Scientific Leadership

Julius Clinical has access to internationally recognised key opinion leaders in various therapeutic areas who we can call on to be actively involved in the design, implementation, and interpretation of clinical trials. This scientific expertise and credibility, combined with personal connections with peers around the world, means that we have a truly global reach. Our scientific leaders have broad experience on steering committees and are able to bring together, and work effectively with, international networks of thought leaders. This strength gives us an extensive range of services which can be tailored to meet the needs of our Sponsors.

Study Design

Julius Clinical’s scientific team members have an extensive track record in the design of phase IIB-IV clinical trials. Recommendations on study design are typically based on a thorough analysis of the drug itself, the main hypothesis being investigated, the intended healthcare setting, and the initial plans for executing the trial.

These recommendations have frequently led to significant reductions in timelines and costs in the development of new drugs, allowing our Sponsors to get new medication to the market faster.

Protocol Development

We offer cutting-edge protocol advice. Through our world-class academic network, we have access to experts with an excellent understanding of the requirements expected by regulators, which helps build the protocol design that will deliver the outcomes needed. Furthermore, smart design of clinical trials is our specialty. It can tremendously reduce the overall costs of studies as well as strengthen the credibility of clinical outcomes. It starts by questioning whether a trial can be better performed, more efficiently and faster, while never losing sight of the reliability and high quality of our work. In order to increase the credibility of clinical outcomes, we add extra checks and balances: first, by giving more responsibility to independent academic researchers; second and more importantly, by maintaining the freedom to ultimately publish clinical trial results without restrictions – even if the findings may not favor the new treatment.

Feasibility

Julius Clinical can quickly perform feasibility studies in a wide range of settings and therapeutic areas, making use of our international networks of thought leaders and investigators. These networks set us apart from other CROs and is based in our Academic roots. Through these networks, and peer-to-peer discussions, the scientific team can inspire and motivate investigators to take part.

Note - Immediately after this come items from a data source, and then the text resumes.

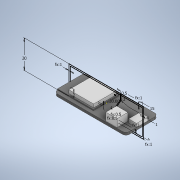
# Autodesk Inventor part: SmartEgg
Saved by Autodesk Inventor 2020 (Build 240168000, 168)
## iProperties
Created: 2019-11-26
Part Number: SmartEgg
Material: Generic
Document SubType Name: Modeling
Designer: Andrew
Density: 1 g/cm^3
Appearance: Default
Author: Andrew
Autodesk Inventor part; units mm, degrees
ref_plane "YZ Plane" through (0, 0, 0) normal (1, 0, 0) x (0, 1, 0)
ref_plane "XZ Plane" through (0, 0, 0) normal (0, 1, 0) x (-1, 0, 0)
ref_plane "XY Plane" through (0, 0, 0) normal (0, 0, 1) x (1, 0, 0)
sketch "Sketch1" plane through (0, 0, 0) normal (0, 0, 1) x (1, 0, 0)
  line L0 (-25.5, 0) -> (25.5, 0)
  line L1 (25.5, 0) -> (25.5, -1.75)
  line L2 (25.5, -1.75) -> (-25.5, -1.75)
  line L3 (-25.5, -1.75) -> (-25.5, 0)
  line L4 (0, 0) -> (-25.5, 0)
  line L5 (-25.5, 0) -> (-25.5, 0.8)
  line L6 (-25.5, 0.8) -> (0, 0.8)
  line L7 (0, 0.8) -> (0, 0)
  line L8 (-0.9, 0.8) -> (-18.55, 0.8)
  line L9 (-18.55, 0.8) -> (-18.55, 3.15)
  line L10 (-18.55, 3.15) -> (-0.9, 3.15)
  line L11 (-0.9, 3.15) -> (-0.9, 0.8)
  line L12 (10.75, 0) -> (18.75, 0)
  line L13 (18.75, 0) -> (18.75, 5.5)
  line L14 (18.75, 5.5) -> (10.75, 5.5)
  line L15 (10.75, 5.5) -> (10.75, 0)
  line L16 (25.6, 0) -> (19.95, 0)
  line L17 (19.95, 0) -> (19.95, 2.5)
  line L18 (19.95, 2.5) -> (25.6, 2.5)
  line L19 (25.6, 2.5) -> (25.6, 0)
  point P0 (0, 0)
  point P1 (0, 0)
  point P2 (19.95, 0)
  dimension "d0" = 51
  dimension "d1" = 1.75
  dimension "d2" = 0.8
  dimension "d3" = 25.5
  dimension "d4" = 17.65
  dimension "d5" = 2.35
  dimension "d6" = 24.6
  dimension "d7" = 8
  dimension "d8" = 5.5
  dimension "d9" = 14.75
  dimension "d10" = 2.5
  dimension "d11" = 5.65
  dimension "d25" = 0.1
  constraints: 40 end point, 10 parallel, 5 horizontal, 5 perpendicular, 3 point on line, 2 midpoint, 1 coincident, 1 collinear
  measures "d0" distance of L1.end L2.end
  measures "d1" distance of L0.end L1.end
  measures "d2" distance of L6.end L4.start
  measures "d3" distance of L5.end L6.end
  measures "d4" distance of L9.end L10.end
  measures "d5" distance of L10.end L8.start
  measures "d6" distance between parallel lines of L5 L11
  measures "d7" distance of L13.end L14.end
  measures "d8" distance of L12.end L13.end
  measures "d9" distance between parallel lines of L1 L15
  measures "d10" distance of L16.start L18.end
  measures "d11" distance of L17.end L18.end
  measures "d25" distance between parallel lines of L1 L19
extrude "PCB" add sketch "Sketch1" along normal mid plane 22.85 contours L0 L1 L2 L3
fillet "Fillet1" radius 2.5 4 edges at (-25.5, -0.875, 11.425) (-25.5, -0.875, -11.425) (25.5, -0.875, -11.425) (25.5, -0.875, 11.425)
extrude "ESP32PCB" add sketch "Sketch1" along normal mid plane 18.1 contours L5 L6 L7 L0
extrude "ESP32Shied" add sketch "Sketch1" along normal mid plane 15.9 contours L9 L10 L11 L6
extrude "Battery Connector" add sketch "Sketch1" along normal blind 11 contours L15 L14 L13 L0
extrude "Extrusion5" cut sketch "Sketch1" along normal blind 3.3 contours L15 L14 L13 L0
extrude "Extrusion6" add sketch "Sketch1" along normal mid plane 8 contours L0 L17 L18 L19 L16
sketch "Sketch2" plane through (0, 0, 0) normal (0, 0, 1) x (1, 0, 0)
  line L0 (25.5, 10.25) -> (25.5, -7.75)
  line L1 (26.5, 11.25) -> (26.5, -8.75)
  line L2 (-26.5, -8.75) -> (-26.5, 11.25)
  line L3 (25.5, 0) -> (25.5, -1.75) construction
  line L4 (-25.5, -1.75) -> (-25.5, 0) construction
  line L5 (-25.5, 0) -> (-25.5, -1.75) projected
  line L6 (-25.5, -1.75) -> (-5.7719, -1.75)
  line L7 (-5.7719, -1.75) -> (-5.7719, -2.75)
  line L8 (-5.7719, -2.75) -> (-25.5, -2.75)
  line L9 (-25.5, -7.75) -> (-25.5, -2.75)
  line L10 (-25.5, -1.75) -> (-25.5, 10.25)
  line L11 (10.5, 11.25) -> (10.5, 10.25)
  line L12 (10, 11.25) -> (10, 10.25)
  line L13 (3.6547, -7.75) -> (3.6547, -8.75)
  line L14 (3.1547, -8.75) -> (3.1547, -7.75)
  line L15 (25.5, -7.75) -> (3.6547, -7.75)
  line L16 (3.1547, -7.75) -> (-25.5, -7.75)
  line L17 (26.5, -8.75) -> (3.6547, -8.75)
  line L18 (3.1547, -8.75) -> (-26.5, -8.75)
  line L19 (-25.5, 10.25) -> (10, 10.25)
  line L20 (10.5, 10.25) -> (25.5, 10.25)
  line L21 (-26.5, 11.25) -> (10, 11.25)
  line L22 (10.5, 11.25) -> (26.5, 11.25)
  line L23 (9.9641, 6.25) -> (4.1906, -3.75)
  line L24 (3.6547, -5.75) -> (3.6547, -7.75)
  line L25 (10.5, 8.25) -> (10.5, 10.25)
  line L26 (10, 10.25) -> (10, 8.384)
  line L27 (9.4641, 6.384) -> (3.6906, -3.616)
  line L28 (3.1547, -5.616) -> (3.1547, -7.75)
  arc A0 (9.4641, 6.384) -> (10, 8.384) centre (6, 8.384) ccw
  arc A1 (9.9641, 6.25) -> (10.5, 8.25) centre (6.5, 8.25) ccw
  arc A2 (3.6906, -3.616) -> (3.1547, -5.616) centre (7.1547, -5.616) ccw
  arc A3 (4.1906, -3.75) -> (3.6547, -5.75) centre (7.6547, -5.75) ccw
  point P0 (0, 0)
  point P1 (-10.486, 0)
  dimension "d27" = 1
  dimension "d30" = 1
  dimension "d31" = 5
  dimension "d32" = 1
  dimension "d34" = 1
  dimension "d35" = 1
  dimension "d36" = 0.5
  dimension "d37" = 0.5
  dimension "d39" = 30
  dimension "d40" = 0.5
  dimension "d41" = 4
  dimension "d42" = 2
  dimension "d43" = 2
  dimension "d44" = 20
  dimension "d46" = 15
  constraints: 52 end point, 17 parallel, 9 perpendicular, 8 point on circle, 8 tangent, 7 collinear, 5 horizontal, 4 centre point, 3 equal radius, 2 vertical
  measures "d27" distance between parallel lines of L1 L0
  measures "d30" distance of L6.end L7.end
  measures "d31" distance of L9.start L8.end
  measures "d32" distance between parallel lines of L20 L22
  measures "d34" distance between parallel lines of L17 L15
  measures "d35" distance between parallel lines of L2 L10
  measures "d36" distance between parallel lines of L11 L12
  measures "d37" distance between parallel lines of L23 L27
  measures "d39" angle of L24 L23
  measures "d40" distance between parallel lines of L28 L24
  measures "d41" radius of A0
  measures "d42" distance of L25.start L11.end
  measures "d43" distance of L24.start L13.start
  measures "d44" distance between parallel lines of L18 L21
  measures "d46" distance between parallel lines of L0 L25
equation "\"d32\" = d27"
equation "\"d34\" = d27"
equation "\"d35\" = d27"
equation "\"d37\" = d36"
equation "\"d40\" = d36"
equation "\"d43\" = d42"
equation "\"d28\" = d26"
equation "\"d29\" = d26"
equation "\"d26\" = 1"
body "Solid1"

Feasibility studies may include assessment of:

  • Investigator interest;
  • Recruitment potential;
  • Recruitment and retention rates;
  • Site personnel study experience and training;
  • Trial-required facilities such as laboratories and pharmacies;
  • Quality assurance processes.

Biostatistics

Julius Clinical executes its biostatistics services through its in-house statisticians and in close collaboration with the academic Department of Biostatistics at the Julius Center for Health Sciences and Primary Care  in Utrecht, The Netherlands. The department combines strong clinical research experience with the full benefits of an academic research setting, allowing expert input into clinical research design and statistical analysis plans.

Typically the top-line results and the findings of secondary analyses will be reported in the resulting scientific publications as well as in the clinical study report. Depending on sponsor requirements, analyses and reports that are fully ICH (International Conference on Harmonisation) compliant can be provided.


Endpoint Management and Adjudication

Regulatory authorities are increasingly interested in holding Sponsors accountable for the demonstration of proper safety management, and the classification of simple and composite morbidity and mortality endpoints as either primary or secondary endpoints. To help clients meet the growing demands for verified endpoint data, we can manage the full adjudication process.

This can include the development of standard and clinically reasonable definitions, charter development, timely endpoint package field management, and sophisticated status report and impact analysis.